*** Block opens ***

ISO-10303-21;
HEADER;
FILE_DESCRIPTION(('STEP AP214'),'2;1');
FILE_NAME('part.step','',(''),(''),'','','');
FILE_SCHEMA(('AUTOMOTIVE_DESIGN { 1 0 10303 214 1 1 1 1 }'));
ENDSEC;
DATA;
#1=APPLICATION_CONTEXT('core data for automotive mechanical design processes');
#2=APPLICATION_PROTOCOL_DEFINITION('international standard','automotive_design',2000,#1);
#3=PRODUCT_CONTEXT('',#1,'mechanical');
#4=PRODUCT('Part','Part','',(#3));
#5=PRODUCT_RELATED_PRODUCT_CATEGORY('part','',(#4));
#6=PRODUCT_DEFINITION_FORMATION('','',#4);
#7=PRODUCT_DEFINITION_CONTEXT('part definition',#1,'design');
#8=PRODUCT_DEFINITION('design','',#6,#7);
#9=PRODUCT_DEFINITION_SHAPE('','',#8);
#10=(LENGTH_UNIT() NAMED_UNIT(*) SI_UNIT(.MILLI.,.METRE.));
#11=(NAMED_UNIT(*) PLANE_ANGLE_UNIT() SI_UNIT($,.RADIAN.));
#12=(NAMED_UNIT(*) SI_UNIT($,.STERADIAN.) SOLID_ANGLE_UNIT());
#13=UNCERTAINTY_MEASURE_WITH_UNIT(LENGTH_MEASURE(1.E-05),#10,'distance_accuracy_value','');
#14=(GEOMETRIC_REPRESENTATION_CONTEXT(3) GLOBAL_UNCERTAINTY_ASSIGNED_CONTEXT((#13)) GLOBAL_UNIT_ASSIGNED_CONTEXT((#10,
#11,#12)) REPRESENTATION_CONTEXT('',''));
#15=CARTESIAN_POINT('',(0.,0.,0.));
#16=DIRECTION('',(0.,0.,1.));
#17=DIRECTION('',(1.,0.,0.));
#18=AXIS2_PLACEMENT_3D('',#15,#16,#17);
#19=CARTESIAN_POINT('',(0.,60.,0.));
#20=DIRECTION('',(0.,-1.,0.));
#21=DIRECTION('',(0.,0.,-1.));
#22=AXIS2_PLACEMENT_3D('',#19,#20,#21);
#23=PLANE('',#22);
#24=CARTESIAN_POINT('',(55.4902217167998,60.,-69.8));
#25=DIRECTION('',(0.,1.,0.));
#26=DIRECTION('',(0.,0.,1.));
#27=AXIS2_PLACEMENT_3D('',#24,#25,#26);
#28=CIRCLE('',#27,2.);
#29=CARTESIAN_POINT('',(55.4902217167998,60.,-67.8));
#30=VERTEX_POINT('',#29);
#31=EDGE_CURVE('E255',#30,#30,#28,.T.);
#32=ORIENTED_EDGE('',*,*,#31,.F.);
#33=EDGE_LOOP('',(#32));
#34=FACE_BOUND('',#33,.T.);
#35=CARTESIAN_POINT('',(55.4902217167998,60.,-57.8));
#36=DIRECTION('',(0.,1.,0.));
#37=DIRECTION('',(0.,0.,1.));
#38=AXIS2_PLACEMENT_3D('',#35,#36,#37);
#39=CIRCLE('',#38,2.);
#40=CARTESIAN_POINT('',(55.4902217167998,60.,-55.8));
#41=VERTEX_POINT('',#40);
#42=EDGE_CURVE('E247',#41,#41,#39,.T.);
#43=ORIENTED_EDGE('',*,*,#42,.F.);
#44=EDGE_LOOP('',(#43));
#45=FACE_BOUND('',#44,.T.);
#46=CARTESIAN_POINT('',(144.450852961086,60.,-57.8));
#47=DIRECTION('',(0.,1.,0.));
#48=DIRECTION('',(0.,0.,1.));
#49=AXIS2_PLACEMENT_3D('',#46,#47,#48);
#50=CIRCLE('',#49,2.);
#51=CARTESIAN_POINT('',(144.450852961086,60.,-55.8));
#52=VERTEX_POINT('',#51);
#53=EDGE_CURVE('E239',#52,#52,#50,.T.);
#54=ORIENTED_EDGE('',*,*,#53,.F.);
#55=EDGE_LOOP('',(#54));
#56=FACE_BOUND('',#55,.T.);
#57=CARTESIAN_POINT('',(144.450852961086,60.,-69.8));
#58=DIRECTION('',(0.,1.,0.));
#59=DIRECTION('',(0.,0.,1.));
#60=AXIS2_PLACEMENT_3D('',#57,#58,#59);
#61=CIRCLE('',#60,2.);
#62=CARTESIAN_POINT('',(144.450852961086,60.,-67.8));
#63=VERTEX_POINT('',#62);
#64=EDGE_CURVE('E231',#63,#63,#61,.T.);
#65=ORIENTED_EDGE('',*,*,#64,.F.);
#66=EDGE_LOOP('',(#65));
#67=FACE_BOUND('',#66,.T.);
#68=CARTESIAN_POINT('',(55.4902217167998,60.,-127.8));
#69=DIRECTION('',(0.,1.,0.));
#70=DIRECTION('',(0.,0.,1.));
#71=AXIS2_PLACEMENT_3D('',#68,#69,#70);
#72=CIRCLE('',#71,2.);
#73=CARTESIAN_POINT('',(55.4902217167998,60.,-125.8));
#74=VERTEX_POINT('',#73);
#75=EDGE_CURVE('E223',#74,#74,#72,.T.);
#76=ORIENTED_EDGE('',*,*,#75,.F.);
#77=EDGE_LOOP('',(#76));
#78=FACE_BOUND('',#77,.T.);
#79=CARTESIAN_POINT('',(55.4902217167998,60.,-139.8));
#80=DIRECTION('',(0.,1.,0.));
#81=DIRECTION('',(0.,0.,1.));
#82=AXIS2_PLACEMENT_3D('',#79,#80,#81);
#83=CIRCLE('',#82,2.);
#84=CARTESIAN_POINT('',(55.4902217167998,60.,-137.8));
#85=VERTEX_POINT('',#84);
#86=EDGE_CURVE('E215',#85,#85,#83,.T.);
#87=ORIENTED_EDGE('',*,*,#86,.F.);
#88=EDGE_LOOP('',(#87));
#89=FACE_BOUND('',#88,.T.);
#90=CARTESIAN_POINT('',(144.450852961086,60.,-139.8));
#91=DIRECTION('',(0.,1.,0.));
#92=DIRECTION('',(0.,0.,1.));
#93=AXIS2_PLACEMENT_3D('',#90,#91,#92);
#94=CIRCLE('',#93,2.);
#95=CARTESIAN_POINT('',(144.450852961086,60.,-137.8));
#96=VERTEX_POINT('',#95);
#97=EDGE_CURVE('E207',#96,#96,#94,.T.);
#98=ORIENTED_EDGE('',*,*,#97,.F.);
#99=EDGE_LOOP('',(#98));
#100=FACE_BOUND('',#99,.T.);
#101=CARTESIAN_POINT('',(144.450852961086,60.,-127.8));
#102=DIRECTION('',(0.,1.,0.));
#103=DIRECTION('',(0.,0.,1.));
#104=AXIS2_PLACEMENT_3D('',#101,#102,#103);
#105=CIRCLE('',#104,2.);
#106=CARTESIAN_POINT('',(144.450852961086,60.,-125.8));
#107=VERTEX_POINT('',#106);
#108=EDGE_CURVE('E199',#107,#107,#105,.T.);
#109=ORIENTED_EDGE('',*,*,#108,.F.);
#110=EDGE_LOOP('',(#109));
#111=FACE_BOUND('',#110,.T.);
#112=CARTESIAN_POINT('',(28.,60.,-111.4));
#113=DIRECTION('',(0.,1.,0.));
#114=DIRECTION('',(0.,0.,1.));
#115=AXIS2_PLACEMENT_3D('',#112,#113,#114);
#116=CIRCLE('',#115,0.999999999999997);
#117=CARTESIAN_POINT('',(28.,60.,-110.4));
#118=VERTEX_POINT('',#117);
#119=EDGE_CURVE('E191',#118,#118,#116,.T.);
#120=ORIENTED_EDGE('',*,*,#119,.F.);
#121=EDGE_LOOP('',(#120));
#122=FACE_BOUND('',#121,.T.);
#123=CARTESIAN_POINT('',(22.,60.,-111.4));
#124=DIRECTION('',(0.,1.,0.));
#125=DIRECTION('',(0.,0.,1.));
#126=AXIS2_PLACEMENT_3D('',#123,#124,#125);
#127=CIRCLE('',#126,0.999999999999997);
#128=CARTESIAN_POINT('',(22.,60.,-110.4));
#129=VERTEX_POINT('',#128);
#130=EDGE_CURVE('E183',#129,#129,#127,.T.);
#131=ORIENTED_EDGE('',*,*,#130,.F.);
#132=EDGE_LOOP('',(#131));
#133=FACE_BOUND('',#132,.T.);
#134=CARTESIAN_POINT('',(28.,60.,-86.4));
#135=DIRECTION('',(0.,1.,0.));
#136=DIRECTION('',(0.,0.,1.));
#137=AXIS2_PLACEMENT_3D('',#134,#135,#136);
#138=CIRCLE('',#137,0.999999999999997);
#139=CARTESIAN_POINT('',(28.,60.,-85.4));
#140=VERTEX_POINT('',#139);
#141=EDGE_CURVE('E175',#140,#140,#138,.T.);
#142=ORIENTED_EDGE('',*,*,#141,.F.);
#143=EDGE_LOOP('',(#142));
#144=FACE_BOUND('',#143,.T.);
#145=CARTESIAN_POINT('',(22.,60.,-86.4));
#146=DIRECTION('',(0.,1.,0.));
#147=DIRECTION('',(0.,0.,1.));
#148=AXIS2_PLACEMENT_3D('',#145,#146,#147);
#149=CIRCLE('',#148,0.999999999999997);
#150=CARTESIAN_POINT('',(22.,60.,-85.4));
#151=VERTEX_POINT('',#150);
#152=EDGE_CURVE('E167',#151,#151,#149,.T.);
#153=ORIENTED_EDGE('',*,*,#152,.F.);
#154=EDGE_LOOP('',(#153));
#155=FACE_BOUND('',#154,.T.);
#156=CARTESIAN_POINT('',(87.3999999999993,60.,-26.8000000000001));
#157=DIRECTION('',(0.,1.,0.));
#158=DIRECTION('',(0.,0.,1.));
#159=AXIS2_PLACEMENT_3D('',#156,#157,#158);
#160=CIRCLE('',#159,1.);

*** Block closes ***

- **Instructions for the task**
Leave out every line above except those from the line with "#53=EDGE_CURVE('E239',#52,#52,#50,.T.);" up to and including the line with "#61=CIRCLE('',#60,2.);", and copy those exactly.

- **Response**
#53=EDGE_CURVE('E239',#52,#52,#50,.T.);
#54=ORIENTED_EDGE('',*,*,#53,.F.);
#55=EDGE_LOOP('',(#54));
#56=FACE_BOUND('',#55,.T.);
#57=CARTESIAN_POINT('',(144.450852961086,60.,-69.8));
#58=DIRECTION('',(0.,1.,0.));
#59=DIRECTION('',(0.,0.,1.));
#60=AXIS2_PLACEMENT_3D('',#57,#58,#59);
#61=CIRCLE('',#60,2.);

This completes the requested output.